Ok, I totally agree that a dataset is not a database and should not be
treated as such. And so it is usually not a good idea to load a 1 GB
databse into memory.
However, I think my situation is different, although if someone can
think of a more elegant solution, I'd be happy to hear it - maybe I'm
just overlooking something obvious.
My windows application (winforms, vb.net) allows a user to point at any
odbc datasource, create a query and then operate on the results. Because
the datasource might be anything from SQL Server to text to Excel to
Sybase to Oracle and so on, I can't write any dynamic sql in code, at
least not anything more complex than a simple select. So if the user
wants to operate on 200,000 rows of a table and that works out to a 700
MB datatable, there's not much I can do besides handle it.
Once I have the table, I need to loop through each row and do some stuff
with it - doesn't really matter what.
One options is to make them create two queries - one a simple table of
primary key values, and the other a query which can define the rest of
the fields needed, and this can then be called as a new query one at a
time using "where [key] = [value from first table]". But this is not
only a lot of unnecessary db calls, it also has three pitfalls.
1. If the primary key is a compound, that is very hard to write generic
dynamic sql for.
2. If the user aliases their primary key (because it is a compound or
for whatever reason), there could be problems creating the dynamic query
(ok, this is worth throwing an error back at the user for…).

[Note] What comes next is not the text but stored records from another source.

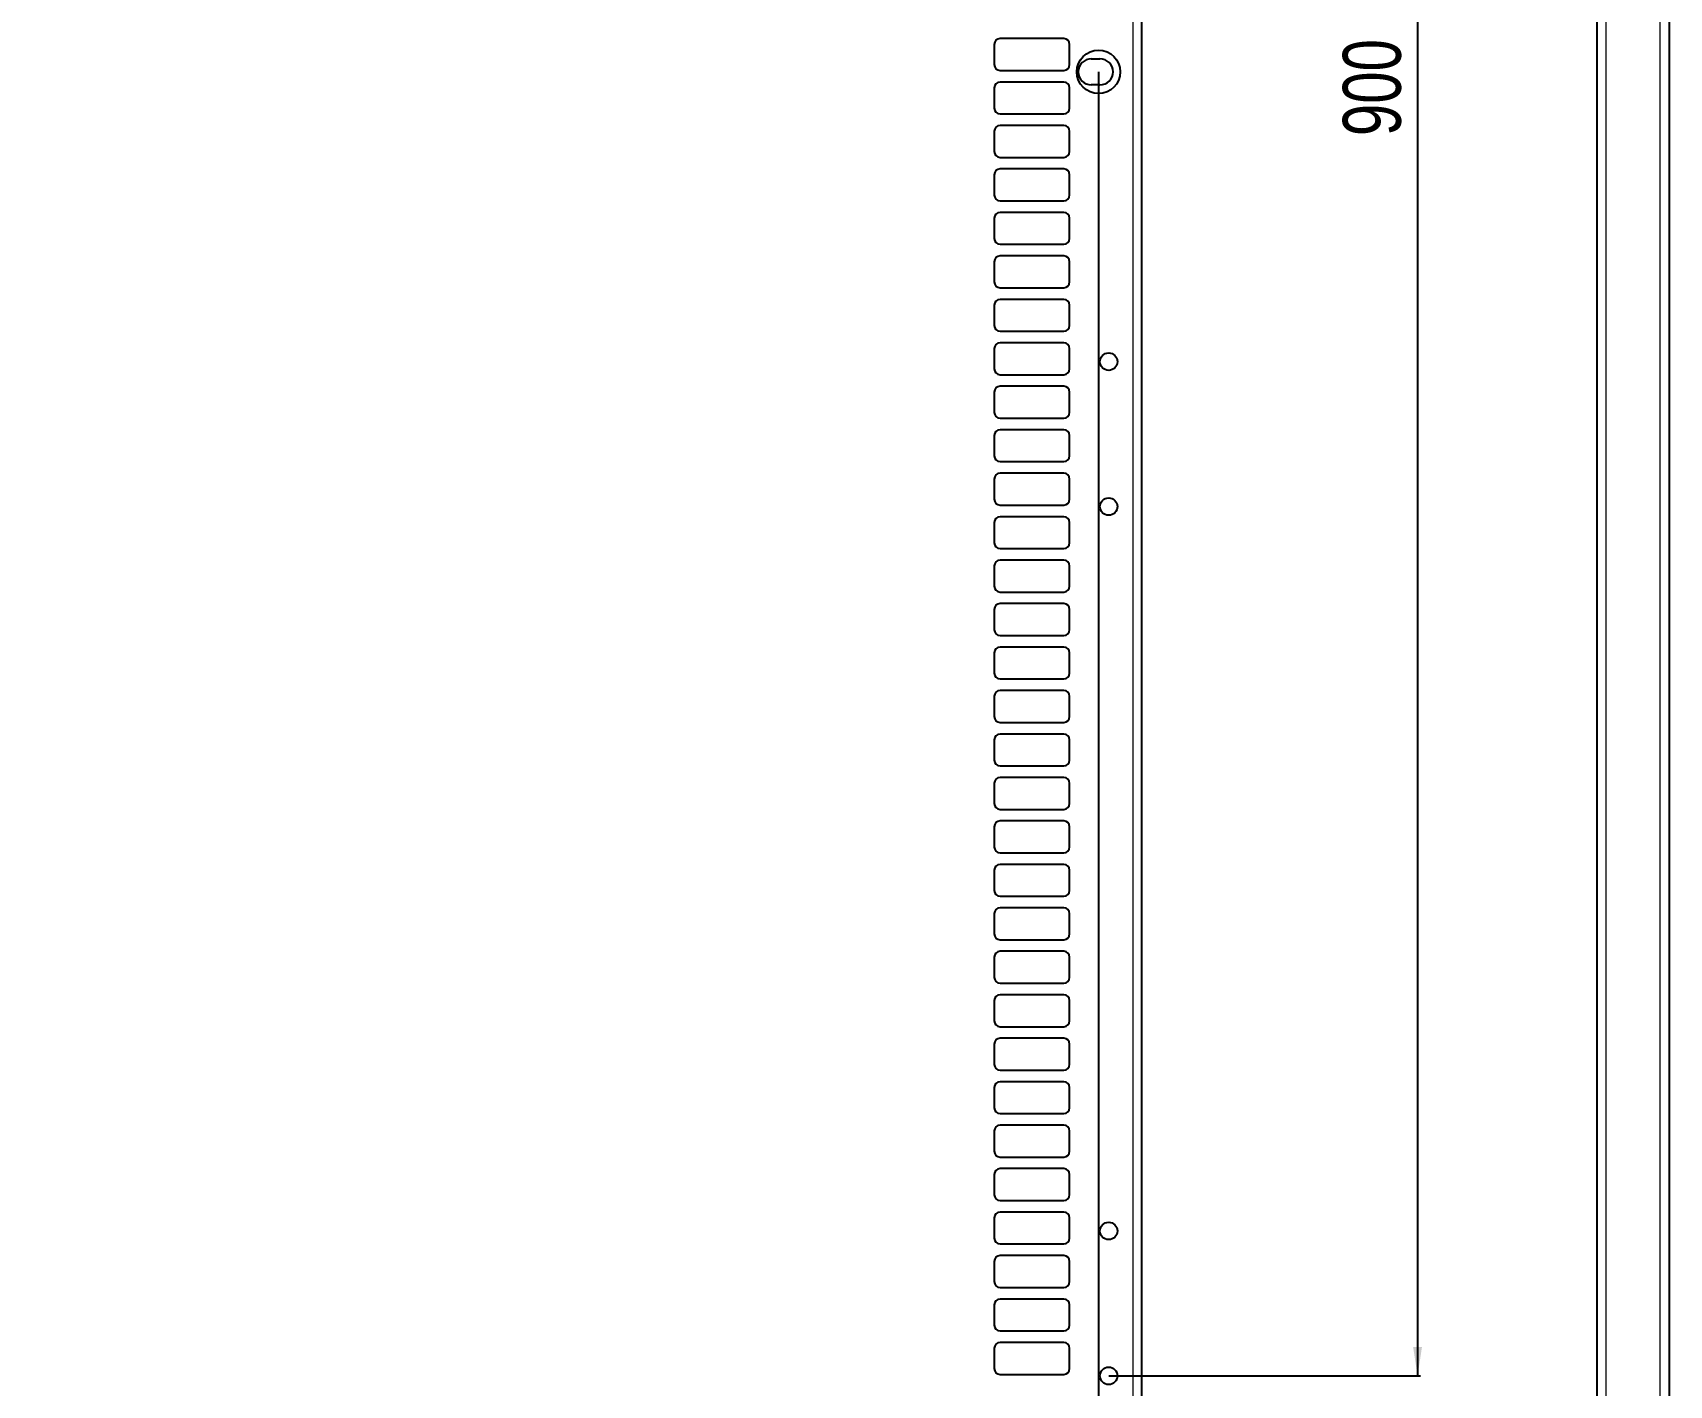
# Model space of a CAD drawing. Header units: millimetres. Extents: x -948 to 1310, y 554 to 2003.
# Drawn here: x -340 to 225, y 850 to 1317 of the extents above; entities that cross this region are included whole.
import ezdxf

# ---------------------------------------------------------------- set-up
doc = ezdxf.new("R2010")
doc.units = ezdxf.units.MM
doc.layers.add('FORMAT', color=7, linetype='Continuous')
doc.styles.add('SLDTEXTSTYLE0', font='TXT', dxfattribs={"width": 0.75})
doc.dimstyles.new('SLDDIMSTYLE0', dxfattribs={"dimtxt": 20, "dimasz": 10, "dimexe": 0, "dimexo": 0.0625, "dimgap": 5, "dimtad": 2, "dimdec": 1, "dimrnd": 1e-09, "dimzin": 12, "dimdsep": 46, "dimtxsty": 'SLDTEXTSTYLE0', "dimsah": 1, "dimcen": 0.09, "dimadec": 0, "dimazin": 3, "dimtfac": 1, "dimtofl": 0, "dimtmove": 0, "dimatfit": 3, "dimfxl": 0, "dimfrac": 2, "dimtolj": 1, "dimtzin": 12, "dimarcsym": 0})

# ---------------------------------------------------------------- blocks, each defined once
blk = doc.blocks.new('_D_2')
at = {"layer": 'FORMAT'}
for p, q in [((31.59, 1753.3), (139.23, 1753.3)), ((138.23, 1753.3), (138.23, 853.3)), ((31.59, 853.3), (139.23, 853.3))]:
    blk.add_line(p, q, dxfattribs=at)
for points in [[(138.23, 1753.3), (136.69, 1743.3), (139.76, 1743.3)], [(138.23, 853.3), (139.76, 863.3), (136.69, 863.3)]]:
    blk.add_solid(points, dxfattribs=at)
at = {"layer": 'FORMAT', "insert": (112.44, 1281.14), "char_height": 20, "attachment_point": 1, "rotation": 90, "style": 'SLDTEXTSTYLE0'}
blk.add_mtext('900', dxfattribs=at)
blk = doc.blocks.new('_D_4')
at = {"layer": 'FORMAT'}
for p, q in [((-827.92, 1303.29), (-827.92, 711.8)), ((28.08, 1303.29), (28.08, 711.8)), ((-827.92, 712.8), (28.08, 712.8))]:
    blk.add_line(p, q, dxfattribs=at)
for points in [[(-827.92, 712.8), (-817.92, 711.26), (-817.92, 714.34)], [(28.08, 712.8), (18.08, 714.34), (18.08, 711.26)]]:
    blk.add_solid(points, dxfattribs=at)
at = {"layer": 'FORMAT', "insert": (-422.09, 738.58), "char_height": 20, "attachment_point": 1, "style": 'SLDTEXTSTYLE0'}
blk.add_mtext('856', dxfattribs=at)

msp = doc.modelspace()

# ---------------------------------------------------------------- linework, layer by layer
at = {"color": 8, "linetype": 'Continuous', "lineweight": 18}
for p, q in [((39.98, 761.8), (39.98, 1844.8)), ((203.24, 1844.8), (203.24, 785.43)), ((222.04, 770.28), (222.04, 1844.8))]:
    msp.add_line(p, q, dxfattribs=at)
at = {"color": 7, "linetype": 'Continuous', "lineweight": 25}
for p, q in [((43.08, 761.8), (43.08, 1844.8)), ((225.14, 1844.8), (225.14, 773.18)), ((200.14, 1815.6), (200.14, 780.8)), ((-7.92, 1312.8), (-7.92, 1305.8)), ((16.08, 1314.8), (-5.92, 1314.8)), ((18.08, 1305.8), (18.08, 1312.8)), ((25.58, 1307.8), (28.58, 1307.8)), ((-5.92, 1303.8), (16.08, 1303.8)), ((16.08, 1299.8), (-5.92, 1299.8)), ((-7.92, 1297.8), (-7.92, 1290.8)), ((18.08, 1290.8), (18.08, 1297.8)), ((28.58, 1298.8), (25.58, 1298.8)), ((-5.92, 1288.8), (16.08, 1288.8)), ((-7.92, 1282.8), (-7.92, 1275.8)), ((16.08, 1284.8), (-5.92, 1284.8)), ((18.08, 1275.8), (18.08, 1282.8)), ((-5.92, 1273.8), (16.08, 1273.8)), ((-7.92, 1267.8), (-7.92, 1260.8)), ((16.08, 1269.8), (-5.92, 1269.8)), ((18.08, 1260.8), (18.08, 1267.8)), ((-5.92, 1258.8), (16.08, 1258.8)), ((16.08, 1254.8), (-5.92, 1254.8)), ((-7.92, 1252.8), (-7.92, 1245.8)), ((18.08, 1245.8), (18.08, 1252.8)), ((-5.92, 1243.8), (16.08, 1243.8)), ((-7.92, 1237.8), (-7.92, 1230.8)), ((16.08, 1239.8), (-5.92, 1239.8)), ((18.08, 1230.8), (18.08, 1237.8)), ((-5.92, 1228.8), (16.08, 1228.8)), ((-7.92, 1222.8), (-7.92, 1215.8)), ((16.08, 1224.8), (-5.92, 1224.8)), ((18.08, 1215.8), (18.08, 1222.8)), ((-5.92, 1213.8), (16.08, 1213.8)), ((16.08, 1209.8), (-5.92, 1209.8)), ((-7.92, 1207.8), (-7.92, 1200.8)), ((18.08, 1200.8), (18.08, 1207.8)), ((-5.92, 1198.8), (16.08, 1198.8)), ((-7.92, 1192.8), (-7.92, 1185.8)), ((16.08, 1194.8), (-5.92, 1194.8)), ((18.08, 1185.8), (18.08, 1192.8)), ((-5.92, 1183.8), (16.08, 1183.8)), ((-7.92, 1177.8), (-7.92, 1170.8)), ((16.08, 1179.8), (-5.92, 1179.8)), ((18.08, 1170.8), (18.08, 1177.8)), ((-5.92, 1168.8), (16.08, 1168.8)), ((16.08, 1164.8), (-5.92, 1164.8)), ((-7.92, 1162.8), (-7.92, 1155.8)), ((18.08, 1155.8), (18.08, 1162.8)), ((-5.92, 1153.8), (16.08, 1153.8)), ((-7.92, 1147.8), (-7.92, 1140.8)), ((16.08, 1149.8), (-5.92, 1149.8)), ((18.08, 1140.8), (18.08, 1147.8)), ((-5.92, 1138.8), (16.08, 1138.8)), ((-7.92, 1132.8), (-7.92, 1125.8)), ((16.08, 1134.8), (-5.92, 1134.8)), ((18.08, 1125.8), (18.08, 1132.8)), ((-5.92, 1123.8), (16.08, 1123.8)), ((16.08, 1119.8), (-5.92, 1119.8)), ((-7.92, 1117.8), (-7.92, 1110.8)), ((18.08, 1110.8), (18.08, 1117.8)), ((-5.92, 1108.8), (16.08, 1108.8)), ((-7.92, 1102.8), (-7.92, 1095.8)), ((16.08, 1104.8), (-5.92, 1104.8)), ((18.08, 1095.8), (18.08, 1102.8)), ((-5.92, 1093.8), (16.08, 1093.8)), ((-7.92, 1087.8), (-7.92, 1080.8)), ((16.08, 1089.8), (-5.92, 1089.8)), ((18.08, 1080.8), (18.08, 1087.8)), ((-5.92, 1078.8), (16.08, 1078.8)), ((16.08, 1074.8), (-5.92, 1074.8)), ((-7.92, 1072.8), (-7.92, 1065.8)), ((18.08, 1065.8), (18.08, 1072.8)), ((-5.92, 1063.8), (16.08, 1063.8)), ((-7.92, 1057.8), (-7.92, 1050.8)), ((16.08, 1059.8), (-5.92, 1059.8)), ((18.08, 1050.8), (18.08, 1057.8)), ((-5.92, 1048.8), (16.08, 1048.8)), ((-7.92, 1042.8), (-7.92, 1035.8)), ((16.08, 1044.8), (-5.92, 1044.8)), ((18.08, 1035.8), (18.08, 1042.8)), ((-5.92, 1033.8), (16.08, 1033.8)), ((16.08, 1029.8), (-5.92, 1029.8)), ((-7.92, 1027.8), (-7.92, 1020.8)), ((18.08, 1020.8), (18.08, 1027.8)), ((-5.92, 1018.8), (16.08, 1018.8)), ((-7.92, 1012.8), (-7.92, 1005.8)), ((16.08, 1014.8), (-5.92, 1014.8)), ((18.08, 1005.8), (18.08, 1012.8)), ((-5.92, 1003.8), (16.08, 1003.8)), ((-7.92, 997.8), (-7.92, 990.8)), ((16.08, 999.8), (-5.92, 999.8)), ((18.08, 990.8), (18.08, 997.8)), ((-5.92, 988.8), (16.08, 988.8)), ((16.08, 984.8), (-5.92, 984.8)), ((-7.92, 982.8), (-7.92, 975.8)), ((18.08, 975.8), (18.08, 982.8)), ((-5.92, 973.8), (16.08, 973.8)), ((-7.92, 967.8), (-7.92, 960.8)), ((16.08, 969.8), (-5.92, 969.8)), ((18.08, 960.8), (18.08, 967.8)), ((-5.92, 958.8), (16.08, 958.8)), ((-7.92, 952.8), (-7.92, 945.8)), ((16.08, 954.8), (-5.92, 954.8)), ((18.08, 945.8), (18.08, 952.8)), ((-5.92, 943.8), (16.08, 943.8)), ((16.08, 939.8), (-5.92, 939.8)), ((-7.92, 937.8), (-7.92, 930.8)), ((18.08, 930.8), (18.08, 937.8)), ((-5.92, 928.8), (16.08, 928.8)), ((-7.92, 922.8), (-7.92, 915.8)), ((16.08, 924.8), (-5.92, 924.8)), ((18.08, 915.8), (18.08, 922.8)), ((-5.92, 913.8), (16.08, 913.8)), ((16.08, 909.8), (-5.92, 909.8)), ((-7.92, 907.8), (-7.92, 900.8)), ((18.08, 900.8), (18.08, 907.8)), ((-5.92, 898.8), (16.08, 898.8)), ((-7.92, 892.8), (-7.92, 885.8)), ((16.08, 894.8), (-5.92, 894.8)), ((18.08, 885.8), (18.08, 892.8)), ((-5.92, 883.8), (16.08, 883.8)), ((-7.92, 877.8), (-7.92, 870.8)), ((16.08, 879.8), (-5.92, 879.8)), ((18.08, 870.8), (18.08, 877.8)), ((-5.92, 868.8), (16.08, 868.8)), ((16.08, 864.8), (-5.92, 864.8)), ((-7.92, 862.8), (-7.92, 855.8)), ((18.08, 855.8), (18.08, 862.8)), ((-5.92, 853.8), (16.08, 853.8))]:
    msp.add_line(p, q, dxfattribs=at)
for centre, radius in [((28.08, 1303.3), 7.5), ((31.58, 1203.3), 3), ((31.58, 1153.3), 3), ((31.58, 903.3), 3), ((31.58, 853.3), 3)]:
    msp.add_circle(centre, radius, dxfattribs=at)
for centre, radius, start, end in [((-5.92, 1312.8), 2, 90, 180), ((16.08, 1312.8), 2, 0, 90), ((-5.92, 1305.8), 2, 180, 270), ((16.08, 1305.8), 2, 270, 0), ((25.58, 1303.3), 4.5, 90, 270), ((28.58, 1303.3), 4.5, 270, 90), ((-5.92, 1297.8), 2, 90, 180), ((16.08, 1297.8), 2, 0, 90), ((-5.92, 1290.8), 2, 180, 270), ((16.08, 1290.8), 2, 270, 0), ((-5.92, 1282.8), 2, 90, 180), ((16.08, 1282.8), 2, 0, 90), ((-5.92, 1275.8), 2, 180, 270), ((16.08, 1275.8), 2, 270, 0), ((-5.92, 1267.8), 2, 90, 180), ((16.08, 1267.8), 2, 0, 90), ((-5.92, 1260.8), 2, 180, 270), ((16.08, 1260.8), 2, 270, 0), ((-5.92, 1252.8), 2, 90, 180), ((16.08, 1252.8), 2, 0, 90), ((-5.92, 1245.8), 2, 180, 270), ((16.08, 1245.8), 2, 270, 0), ((-5.92, 1237.8), 2, 90, 180), ((16.08, 1237.8), 2, 0, 90), ((-5.92, 1230.8), 2, 180, 270), ((16.08, 1230.8), 2, 270, 0), ((-5.92, 1222.8), 2, 90, 180), ((16.08, 1222.8), 2, 0, 90), ((-5.92, 1215.8), 2, 180, 270), ((16.08, 1215.8), 2, 270, 0), ((-5.92, 1207.8), 2, 90, 180), ((16.08, 1207.8), 2, 0, 90), ((-5.92, 1200.8), 2, 180, 270), ((16.08, 1200.8), 2, 270, 0), ((-5.92, 1192.8), 2, 90, 180), ((16.08, 1192.8), 2, 0, 90), ((-5.92, 1185.8), 2, 180, 270), ((16.08, 1185.8), 2, 270, 0), ((-5.92, 1177.8), 2, 90, 180), ((16.08, 1177.8), 2, 0, 90), ((-5.92, 1170.8), 2, 180, 270), ((16.08, 1170.8), 2, 270, 0), ((-5.92, 1162.8), 2, 90, 180), ((16.08, 1162.8), 2, 0, 90), ((-5.92, 1155.8), 2, 180, 270), ((16.08, 1155.8), 2, 270, 0), ((-5.92, 1147.8), 2, 90, 180), ((16.08, 1147.8), 2, 0, 90), ((-5.92, 1140.8), 2, 180, 270), ((16.08, 1140.8), 2, 270, 0), ((-5.92, 1132.8), 2, 90, 180), ((16.08, 1132.8), 2, 0, 90), ((-5.92, 1125.8), 2, 180, 270), ((16.08, 1125.8), 2, 270, 0), ((-5.92, 1117.8), 2, 90, 180), ((16.08, 1117.8), 2, 0, 90), ((-5.92, 1110.8), 2, 180, 270), ((16.08, 1110.8), 2, 270, 0), ((-5.92, 1102.8), 2, 90, 180), ((16.08, 1102.8), 2, 0, 90), ((-5.92, 1095.8), 2, 180, 270), ((16.08, 1095.8), 2, 270, 0), ((-5.92, 1087.8), 2, 90, 180), ((16.08, 1087.8), 2, 0, 90), ((-5.92, 1080.8), 2, 180, 270), ((16.08, 1080.8), 2, 270, 0), ((-5.92, 1072.8), 2, 90, 180), ((16.08, 1072.8), 2, 0, 90), ((-5.92, 1065.8), 2, 180, 270), ((16.08, 1065.8), 2, 270, 0), ((-5.92, 1057.8), 2, 90, 180), ((16.08, 1057.8), 2, 0, 90), ((-5.92, 1050.8), 2, 180, 270), ((16.08, 1050.8), 2, 270, 0), ((-5.92, 1042.8), 2, 90, 180), ((16.08, 1042.8), 2, 0, 90), ((-5.92, 1035.8), 2, 180, 270), ((16.08, 1035.8), 2, 270, 0), ((-5.92, 1027.8), 2, 90, 180), ((16.08, 1027.8), 2, 0, 90), ((-5.92, 1020.8), 2, 180, 270), ((16.08, 1020.8), 2, 270, 0), ((-5.92, 1012.8), 2, 90, 180), ((16.08, 1012.8), 2, 0, 90), ((-5.92, 1005.8), 2, 180, 270), ((16.08, 1005.8), 2, 270, 0), ((-5.92, 997.8), 2, 90, 180), ((16.08, 997.8), 2, 0, 90), ((-5.92, 990.8), 2, 180, 270), ((16.08, 990.8), 2, 270, 0), ((-5.92, 982.8), 2, 90, 180), ((16.08, 982.8), 2, 0, 90), ((-5.92, 975.8), 2, 180, 270), ((16.08, 975.8), 2, 270, 0), ((-5.92, 967.8), 2, 90, 180), ((16.08, 967.8), 2, 0, 90), ((-5.92, 960.8), 2, 180, 270), ((16.08, 960.8), 2, 270, 0), ((-5.92, 952.8), 2, 90, 180), ((16.08, 952.8), 2, 0, 90), ((-5.92, 945.8), 2, 180, 270), ((16.08, 945.8), 2, 270, 0), ((-5.92, 937.8), 2, 90, 180), ((16.08, 937.8), 2, 0, 90), ((-5.92, 930.8), 2, 180, 270), ((16.08, 930.8), 2, 270, 0), ((-5.92, 922.8), 2, 90, 180), ((16.08, 922.8), 2, 0, 90), ((-5.92, 915.8), 2, 180, 270), ((16.08, 915.8), 2, 270, 0), ((-5.92, 907.8), 2, 90, 180), ((16.08, 907.8), 2, 0, 90), ((-5.92, 900.8), 2, 180, 270), ((16.08, 900.8), 2, 270, 0), ((-5.92, 892.8), 2, 90, 180), ((16.08, 892.8), 2, 0, 90), ((-5.92, 885.8), 2, 180, 270), ((16.08, 885.8), 2, 270, 0), ((-5.92, 877.8), 2, 90, 180), ((16.08, 877.8), 2, 0, 90), ((-5.92, 870.8), 2, 180, 270), ((16.08, 870.8), 2, 270, 0), ((-5.92, 862.8), 2, 90, 180), ((16.08, 862.8), 2, 0, 90), ((-5.92, 855.8), 2, 180, 270), ((16.08, 855.8), 2, 270, 0)]:
    msp.add_arc(centre, radius, start, end, dxfattribs=at)

# ---------------------------------------------------------------- dimensions: what is measured, and where the dimension line sits
at = {"layer": 'FORMAT'}
for base, p1, p2, angle, picture, middle in [((138.23, 853.3), (31.58, 1753.3), (31.58, 853.3), 90, '_D_2', (138.23, 1303.3)), ((28.08, 712.8), (-827.92, 1303.3), (28.08, 1303.3), 0, '_D_4', (-399.92, 712.8))]:
    dim = msp.add_linear_dim(base=base, p1=p1, p2=p2, angle=angle, dimstyle='SLDDIMSTYLE0', dxfattribs=at)
    dim.commit()
    dim.dimension.update_dxf_attribs({"geometry": picture, "text_midpoint": middle, "dimtype": 160})

doc.saveas('drawing.dxf')
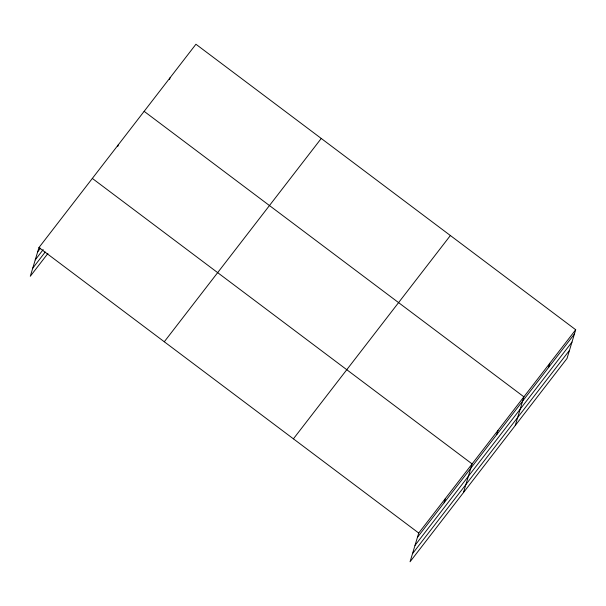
<?xml version="1.0" encoding="UTF-8"?>
<svg xmlns="http://www.w3.org/2000/svg" width="606" height="606" viewBox="0 0 606 606"><rect width="100%" height="100%" fill="white"/><g stroke="black" fill="none" stroke-linecap="round" stroke-linejoin="round"><path stroke-width="0.91" d="M575.7 329.74L418.731 533.045L410.065 561.754L567.034 358.449L575.7 329.74L195.935 44.246L38.966 247.551L30.3 276.26L47.904 253.467M117.715 146.599L118.238 144.879M169.521 79.507L170.036 77.788M444.115 502.783L445.418 498.488M463.431 492.633L472.097 463.923L92.339 178.429M496.7 434.669L498.003 430.374M515.229 425.541L523.902 396.832L144.137 111.337M548.506 367.577L549.801 363.282M37.67 251.846L40.511 248.172M35.239 259.906L43.185 249.611M32.732 268.208L45.223 252.028M164.287 341.769L321.256 138.456M293.41 438.835L450.379 235.522M417.436 537.34L574.405 334.035M415.004 545.4L571.973 342.087M412.497 553.702L569.466 350.389M38.966 247.551L418.731 533.045"/></g></svg>

3. If the user has any other SQL AFTER their where clause in the dynamic
query, such as Having, Group By, etc., it gets ugly – it is
theoretically possible to look for all these keywords and dissect the
query, but not something I want to do!
I could do this in passes if I could limit the number of rows returned
in each pass, but again it’s a problem of generic SQL compatibility –
Top X versus Set RowCount X, etc.
So does anyone have ideas about how to handle this? Currently, if the
query is too big I end up with a SystemOutOfMemory exception.